SWOG designs and conducts multidisciplinary clinical trials to improve the practice of medicine in preventing, detecting, and treating cancer, and to enhance the quality of life for cancer survivors. The more than 4,000 researchers in the group's network practice at more than 500 institutions, including 23 of the NCI-designated cancer centers as well as cancer centers in almost a dozen other countries. Formerly known as the Southwest Oncology Group, SWOG is headquartered at the University of Michigan in Ann Arbor, Michigan, (734-998-7140) and has an operations office in San Antonio, Texas, and a statistical center in Seattle, Washington. Learn more at swog.org.

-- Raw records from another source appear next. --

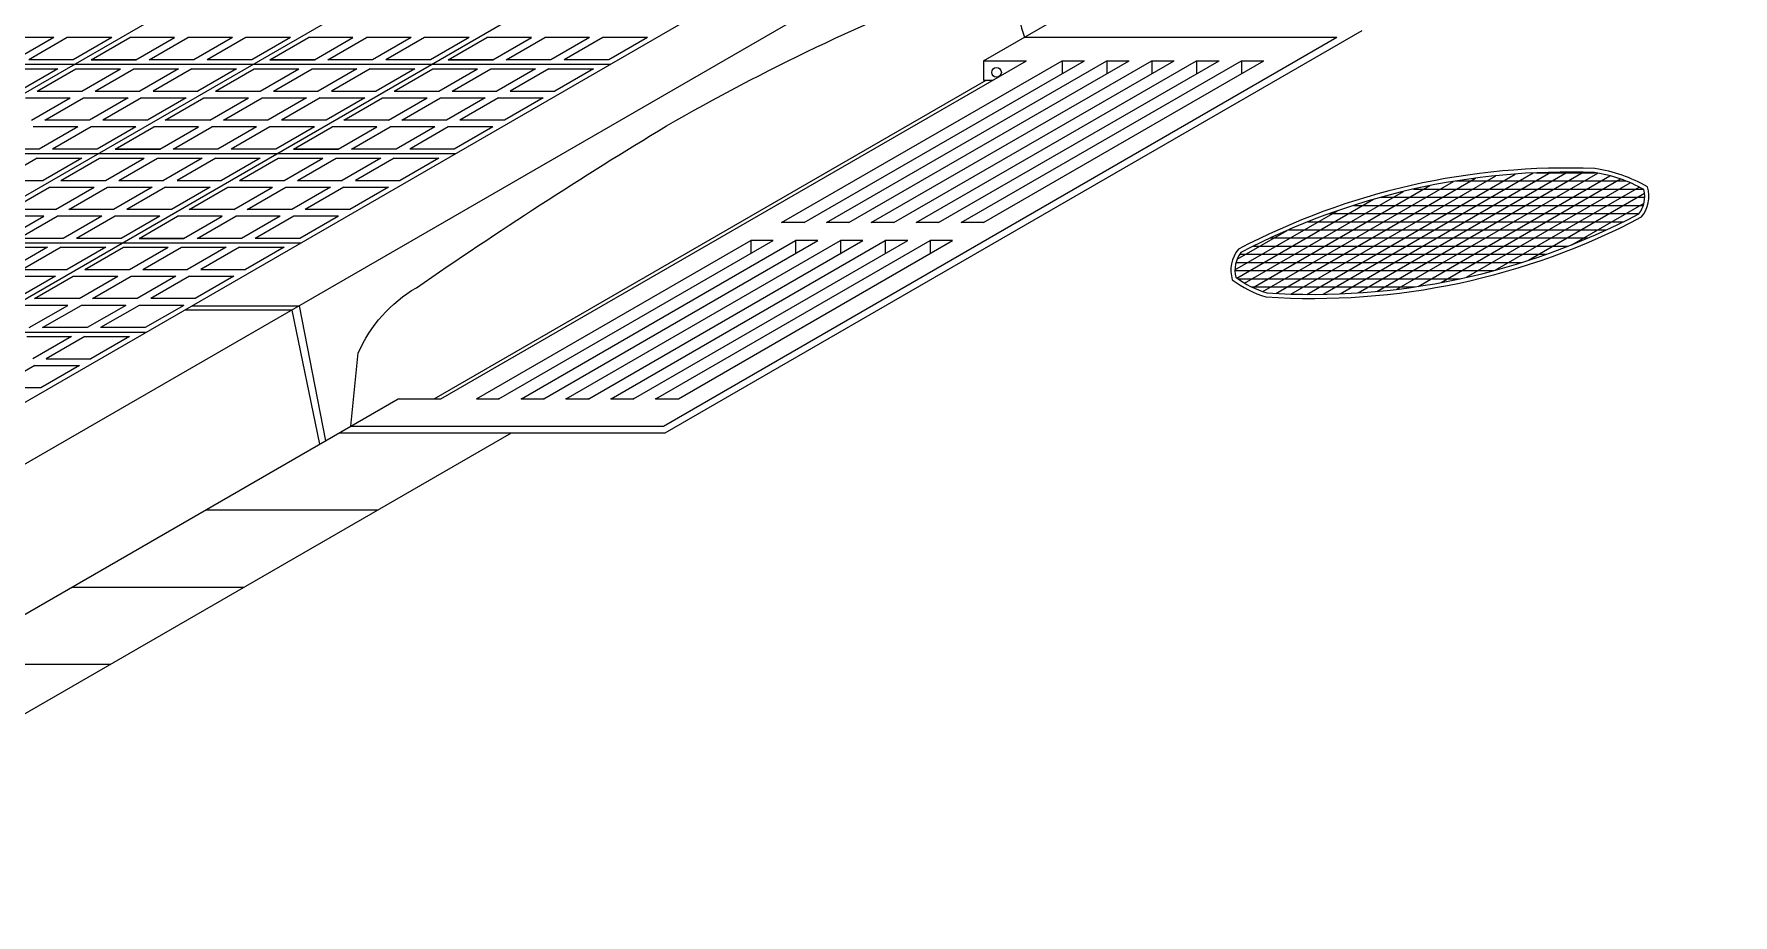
# Model space of a CAD drawing. Extents: x 0.2 to 27.8, y 0.4 to 17.8.
# Drawn here: x 12.777 to 16.583, y 10.467 to 12.441 of the extents above; entities that cross this region are included whole.
import ezdxf

# ---------------------------------------------------------------- set-up
doc = ezdxf.new("R2010")
doc.units = 0
doc.header["$LTSCALE"] = 0.8
doc.header["$MEASUREMENT"] = 0
doc.layers.get('0').update_dxf_attribs({"linetype": 'CONTINUOUS'})
doc.layers.add('TAPA', color=6, linetype='CONTINUOUS')
doc.layers.add('VORERA', color=7, linetype='CONTINUOUS')

# ---------------------------------------------------------------- blocks, each defined once
blk = doc.blocks.new('*X32')
at = {"color": 0}
for p, q in [((27.449, 17.4463), (27.583, 17.4463)), ((27.1752, 17.4098), (27.6893, 17.4098)), ((27.2702, 17.4281), (27.651, 17.4281)), ((27.0408, 17.3733), (27.6901, 17.3733)), ((27.1021, 17.3916), (27.6933, 17.3916)), ((26.9389, 17.3368), (27.6457, 17.3368)), ((26.9871, 17.3551), (27.6807, 17.3551)), ((26.8167, 17.2821), (27.5219, 17.2821)), ((26.8544, 17.3003), (27.5665, 17.3003)), ((26.895, 17.3186), (27.6075, 17.3186)), ((26.7775, 17.2456), (27.4182, 17.2456)), ((26.7859, 17.2638), (27.473, 17.2638)), ((26.7751, 17.2273), (27.3553, 17.2273)), ((26.7813, 17.2091), (27.2797, 17.2091)), ((26.812, 17.1908), (27.179, 17.1908))]:
    blk.add_line(p, q, dxfattribs=at)
blk = doc.blocks.new('*X31')
at = {"color": 0}
for p, q in [((26.8666, 17.1762), (27.314, 17.4345)), ((26.9006, 17.1747), (27.3597, 17.4398)), ((26.9359, 17.174), (27.4028, 17.4436)), ((26.9726, 17.1741), (27.4436, 17.4461)), ((27.0109, 17.1752), (27.4825, 17.4475)), ((27.051, 17.1773), (27.5197, 17.4479)), ((27.0932, 17.1806), (27.5555, 17.4474)), ((27.1379, 17.1853), (27.5885, 17.4454)), ((27.1857, 17.1918), (27.6152, 17.4398)), ((26.7968, 17.1991), (27.1528, 17.4046)), ((26.8159, 17.189), (27.2117, 17.4176)), ((26.8373, 17.1803), (27.265, 17.4272)), ((27.2374, 17.2006), (27.6391, 17.4325)), ((27.2941, 17.2123), (27.6608, 17.424)), ((27.3579, 17.228), (27.6808, 17.4144)), ((27.4329, 17.2503), (27.6929, 17.4004)), ((26.7751, 17.2287), (27.0049, 17.3614)), ((26.7797, 17.2103), (27.0857, 17.387)), ((27.5302, 17.2853), (27.6916, 17.3785)), ((26.7799, 17.2526), (26.8922, 17.3174))]:
    blk.add_line(p, q, dxfattribs=at)

msp = doc.modelspace()

# ---------------------------------------------------------------- linework, layer by layer
at = {"layer": 'TAPA', "color": 4}
for p, q in [((10.63405, 11.0833), (16.85083, 14.67256)), ((11.03405, 11.0833), (17.25083, 14.67256)), ((11.43405, 11.0833), (17.65083, 14.67256)), ((11.83405, 11.0833), (18.05083, 14.67256)), ((11.89405, 10.97938), (18.27459, 14.66318)), ((14.90421, 12.38066), (15.2369, 12.57275)), ((14.19082, 11.5472), (15.75217, 12.44865)), ((14.18678, 11.56231), (15.69579, 12.43354)), ((14.99579, 12.43354), (15.69579, 12.43354)), ((11.86734, 12.37269), (14.06734, 12.37269)), ((13.68823, 11.6233), (15.00001, 12.38066)), ((14.45157, 12.01793), (15.07985, 12.38066)), ((14.50182, 12.01793), (15.1301, 12.38066)), ((14.55206, 12.01793), (15.18035, 12.38066)), ((14.60231, 12.01793), (15.23059, 12.38066)), ((14.65255, 12.01793), (15.28084, 12.38066)), ((14.7028, 12.01793), (15.33108, 12.38066)), ((14.75304, 12.01793), (15.38133, 12.38066)), ((14.80329, 12.01793), (15.43157, 12.38066)), ((14.85353, 12.01793), (15.48182, 12.38066)), ((14.90378, 12.01793), (15.53206, 12.38066)), ((14.90421, 12.38066), (14.90421, 12.33728)), ((14.90421, 12.38066), (15.00001, 12.38066)), ((15.07985, 12.38066), (15.07985, 12.35166)), ((15.07985, 12.38066), (15.1301, 12.38066)), ((15.18035, 12.38066), (15.18035, 12.35166)), ((15.18035, 12.38066), (15.23059, 12.38066)), ((15.28084, 12.38066), (15.28084, 12.35166)), ((15.28084, 12.38066), (15.33108, 12.38066)), ((15.38133, 12.38066), (15.38133, 12.35166)), ((15.38133, 12.38066), (15.43157, 12.38066)), ((15.48182, 12.38066), (15.48182, 12.35166)), ((15.48182, 12.38066), (15.53206, 12.38066)), ((13.67297, 11.6233), (14.90962, 12.33728)), ((14.90421, 12.33728), (14.92488, 12.33728)), ((11.52093, 12.17269), (13.72093, 12.17269)), ((14.50182, 12.01793), (14.45157, 12.01793)), ((14.60231, 12.01793), (14.55206, 12.01793)), ((14.7028, 12.01793), (14.65255, 12.01793)), ((14.80329, 12.01793), (14.75304, 12.01793)), ((14.90378, 12.01793), (14.85353, 12.01793)), ((11.17452, 11.97269), (13.37452, 11.97269)), ((13.76807, 11.6233), (14.38229, 11.97793)), ((13.81831, 11.6233), (14.43254, 11.97793)), ((13.86856, 11.6233), (14.48278, 11.97793)), ((13.9188, 11.6233), (14.53303, 11.97793)), ((13.96905, 11.6233), (14.58327, 11.97793)), ((14.01929, 11.6233), (14.63352, 11.97793)), ((14.06954, 11.6233), (14.68376, 11.97793)), ((14.11978, 11.6233), (14.73401, 11.97793)), ((14.17003, 11.6233), (14.78425, 11.97793)), ((14.22028, 11.6233), (14.8345, 11.97793)), ((14.38229, 11.97793), (14.38229, 11.94892)), ((14.43254, 11.97793), (14.38229, 11.97793)), ((14.48278, 11.97793), (14.48278, 11.94892)), ((14.53303, 11.97793), (14.48278, 11.97793)), ((14.58327, 11.97793), (14.58327, 11.94892)), ((14.63352, 11.97793), (14.58327, 11.97793)), ((14.68376, 11.97793), (14.68376, 11.94892)), ((14.73401, 11.97793), (14.68376, 11.97793)), ((14.78425, 11.97793), (14.78425, 11.94892)), ((14.8345, 11.97793), (14.78425, 11.97793)), ((13.11483, 11.82276), (13.35483, 11.82276)), ((13.13064, 11.83188), (13.37064, 11.83188)), ((13.35416, 11.82212), (13.41644, 11.5217)), ((13.37064, 11.83188), (13.4294, 11.52918)), ((10.82811, 11.77269), (13.02811, 11.77269)), ((11.87862, 10.63384), (13.59242, 11.6233)), ((13.59242, 11.6233), (13.68823, 11.6233)), ((13.76807, 11.6233), (13.81831, 11.6233)), ((13.86856, 11.6233), (13.9188, 11.6233)), ((13.96905, 11.6233), (14.01929, 11.6233)), ((14.06954, 11.6233), (14.11978, 11.6233)), ((14.17003, 11.6233), (14.22028, 11.6233)), ((11.97505, 10.46681), (13.84636, 11.5472)), ((13.46061, 11.5472), (14.19082, 11.5472)), ((13.48678, 11.56231), (14.18678, 11.56231)), ((13.1611, 11.37428), (13.54685, 11.37428)), ((12.8616, 11.20136), (13.24734, 11.20136)), ((12.56209, 11.02844), (12.94784, 11.02844))]:
    msp.add_line(p, q, dxfattribs=at)
msp.add_lwpolyline([(13.48678, 11.56231), (13.50321, 11.72619, -0.1573174), (13.63323, 11.87219, -0.0150177), (14.19375, 12.23478, -0.037758), (14.87647, 12.56111, -0.5214926), (14.98435, 12.48873, 0.0932633), (14.99579, 12.43354, -0.486908)], format="xyb", dxfattribs=at)
msp.add_circle((14.93309, 12.35454), 0.01079, dxfattribs=at)
for p in [(13.81831, 11.6233), (13.86856, 11.6233), (13.9188, 11.6233), (13.96905, 11.6233), (14.01929, 11.6233), (14.06954, 11.6233), (14.11978, 11.6233), (14.17003, 11.6233)]:
    msp.add_point(p, dxfattribs=at)
at = {"layer": 'VORERA', "color": 4}
for p, q in [((12.82126, 12.43269), (12.72126, 12.43269)), ((12.82126, 12.43269), (12.73466, 12.38269)), ((12.85126, 12.43269), (12.76466, 12.38269)), ((12.95126, 12.43269), (12.85126, 12.43269)), ((12.95126, 12.43269), (12.86466, 12.38269)), ((12.90466, 12.38269), (12.99126, 12.43269)), ((13.09126, 12.43269), (12.99126, 12.43269)), ((13.00466, 12.38269), (13.09126, 12.43269)), ((13.03466, 12.38269), (13.12126, 12.43269)), ((13.22126, 12.43269), (13.12126, 12.43269)), ((13.22126, 12.43269), (13.13466, 12.38269)), ((13.25126, 12.43269), (13.16466, 12.38269)), ((13.35126, 12.43269), (13.25126, 12.43269)), ((13.35126, 12.43269), (13.26466, 12.38269)), ((13.30466, 12.38269), (13.39126, 12.43269)), ((13.49126, 12.43269), (13.39126, 12.43269)), ((13.40466, 12.38269), (13.49126, 12.43269)), ((13.43466, 12.38269), (13.52126, 12.43269)), ((13.62126, 12.43269), (13.52126, 12.43269)), ((13.62126, 12.43269), (13.53466, 12.38269)), ((13.65126, 12.43269), (13.56466, 12.38269)), ((13.75126, 12.43269), (13.65126, 12.43269)), ((13.75126, 12.43269), (13.66466, 12.38269)), ((13.70466, 12.38269), (13.79126, 12.43269)), ((13.89126, 12.43269), (13.79126, 12.43269)), ((13.80466, 12.38269), (13.89126, 12.43269)), ((13.83466, 12.38269), (13.92126, 12.43269)), ((14.02126, 12.43269), (13.92126, 12.43269)), ((14.02126, 12.43269), (13.93466, 12.38269)), ((14.05126, 12.43269), (13.96466, 12.38269)), ((14.15126, 12.43269), (14.05126, 12.43269)), ((14.15126, 12.43269), (14.06466, 12.38269)), ((12.86466, 12.38269), (12.76466, 12.38269)), ((12.90466, 12.38269), (13.00466, 12.38269)), ((13.00466, 12.38269), (12.90466, 12.38269)), ((13.13466, 12.38269), (13.03466, 12.38269)), ((13.26466, 12.38269), (13.16466, 12.38269)), ((13.30466, 12.38269), (13.40466, 12.38269)), ((13.40466, 12.38269), (13.30466, 12.38269)), ((13.53466, 12.38269), (13.43466, 12.38269)), ((13.66466, 12.38269), (13.56466, 12.38269)), ((13.70466, 12.38269), (13.80466, 12.38269)), ((13.80466, 12.38269), (13.70466, 12.38269)), ((13.93466, 12.38269), (13.83466, 12.38269)), ((14.06466, 12.38269), (13.96466, 12.38269)), ((12.73002, 12.36269), (12.83002, 12.36269)), ((12.83002, 12.36269), (12.74342, 12.31269)), ((12.78342, 12.31269), (12.87002, 12.36269)), ((12.87002, 12.36269), (12.97002, 12.36269)), ((12.88342, 12.31269), (12.97002, 12.36269)), ((12.91342, 12.31269), (13.00002, 12.36269)), ((13.00002, 12.36269), (13.10002, 12.36269)), ((13.10002, 12.36269), (13.01342, 12.31269)), ((13.13002, 12.36269), (13.04342, 12.31269)), ((13.13002, 12.36269), (13.23002, 12.36269)), ((13.23002, 12.36269), (13.14342, 12.31269)), ((13.18342, 12.31269), (13.27002, 12.36269)), ((13.27002, 12.36269), (13.37002, 12.36269)), ((13.28342, 12.31269), (13.37002, 12.36269)), ((13.31342, 12.31269), (13.40002, 12.36269)), ((13.40002, 12.36269), (13.50002, 12.36269)), ((13.50002, 12.36269), (13.41342, 12.31269)), ((13.53002, 12.36269), (13.44342, 12.31269)), ((13.53002, 12.36269), (13.63002, 12.36269)), ((13.63002, 12.36269), (13.54342, 12.31269)), ((13.58342, 12.31269), (13.67002, 12.36269)), ((13.67002, 12.36269), (13.77002, 12.36269)), ((13.68342, 12.31269), (13.77002, 12.36269)), ((13.71342, 12.31269), (13.80002, 12.36269)), ((13.80002, 12.36269), (13.90002, 12.36269)), ((13.90002, 12.36269), (13.81342, 12.31269)), ((13.93002, 12.36269), (13.84342, 12.31269)), ((13.93002, 12.36269), (14.03002, 12.36269)), ((14.03002, 12.36269), (13.94342, 12.31269)), ((12.75744, 12.29769), (12.85744, 12.29769)), ((12.77083, 12.24769), (12.85744, 12.29769)), ((12.78342, 12.31269), (12.88342, 12.31269)), ((12.80083, 12.24769), (12.88744, 12.29769)), ((12.88744, 12.29769), (12.98744, 12.29769)), ((12.98744, 12.29769), (12.90083, 12.24769)), ((12.91342, 12.31269), (13.01342, 12.31269)), ((13.01744, 12.29769), (12.93083, 12.24769)), ((13.01744, 12.29769), (13.11744, 12.29769)), ((13.11744, 12.29769), (13.03083, 12.24769)), ((13.04342, 12.31269), (13.14342, 12.31269)), ((13.07083, 12.24769), (13.15744, 12.29769)), ((13.15744, 12.29769), (13.25744, 12.29769)), ((13.17083, 12.24769), (13.25744, 12.29769)), ((13.18342, 12.31269), (13.28342, 12.31269)), ((13.20083, 12.24769), (13.28744, 12.29769)), ((13.28744, 12.29769), (13.38744, 12.29769)), ((13.38744, 12.29769), (13.30083, 12.24769)), ((13.31342, 12.31269), (13.41342, 12.31269)), ((13.41744, 12.29769), (13.33083, 12.24769)), ((13.41744, 12.29769), (13.51744, 12.29769)), ((13.51744, 12.29769), (13.43083, 12.24769)), ((13.44342, 12.31269), (13.54342, 12.31269)), ((13.47083, 12.24769), (13.55744, 12.29769)), ((13.55744, 12.29769), (13.65744, 12.29769)), ((13.57083, 12.24769), (13.65744, 12.29769)), ((13.58342, 12.31269), (13.68342, 12.31269)), ((13.60083, 12.24769), (13.68744, 12.29769)), ((13.68744, 12.29769), (13.78744, 12.29769)), ((13.78744, 12.29769), (13.70083, 12.24769)), ((13.71342, 12.31269), (13.81342, 12.31269)), ((13.81744, 12.29769), (13.73083, 12.24769)), ((13.81744, 12.29769), (13.91744, 12.29769)), ((13.91744, 12.29769), (13.83083, 12.24769)), ((13.84342, 12.31269), (13.94342, 12.31269)), ((12.87485, 12.23269), (12.77485, 12.23269)), ((12.87485, 12.23269), (12.78825, 12.18269)), ((12.90083, 12.24769), (12.80083, 12.24769)), ((12.90485, 12.23269), (12.81825, 12.18269)), ((13.00485, 12.23269), (12.90485, 12.23269)), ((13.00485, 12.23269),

Forward Looking Statements
This press release contains forward-looking statements subject to risks and uncertainties that could cause actual results to differ materially from those projected. Forward-looking statements include statements about the planned Phase III trial of the CPP-1X/sul combination therapy as well as the company's focus, collaborative partners, and independent and partnered product candidates. These forward-looking statements represent the company's judgment as of the date of this release. The company disclaims, however, any intent or obligation to update these forward-looking statements.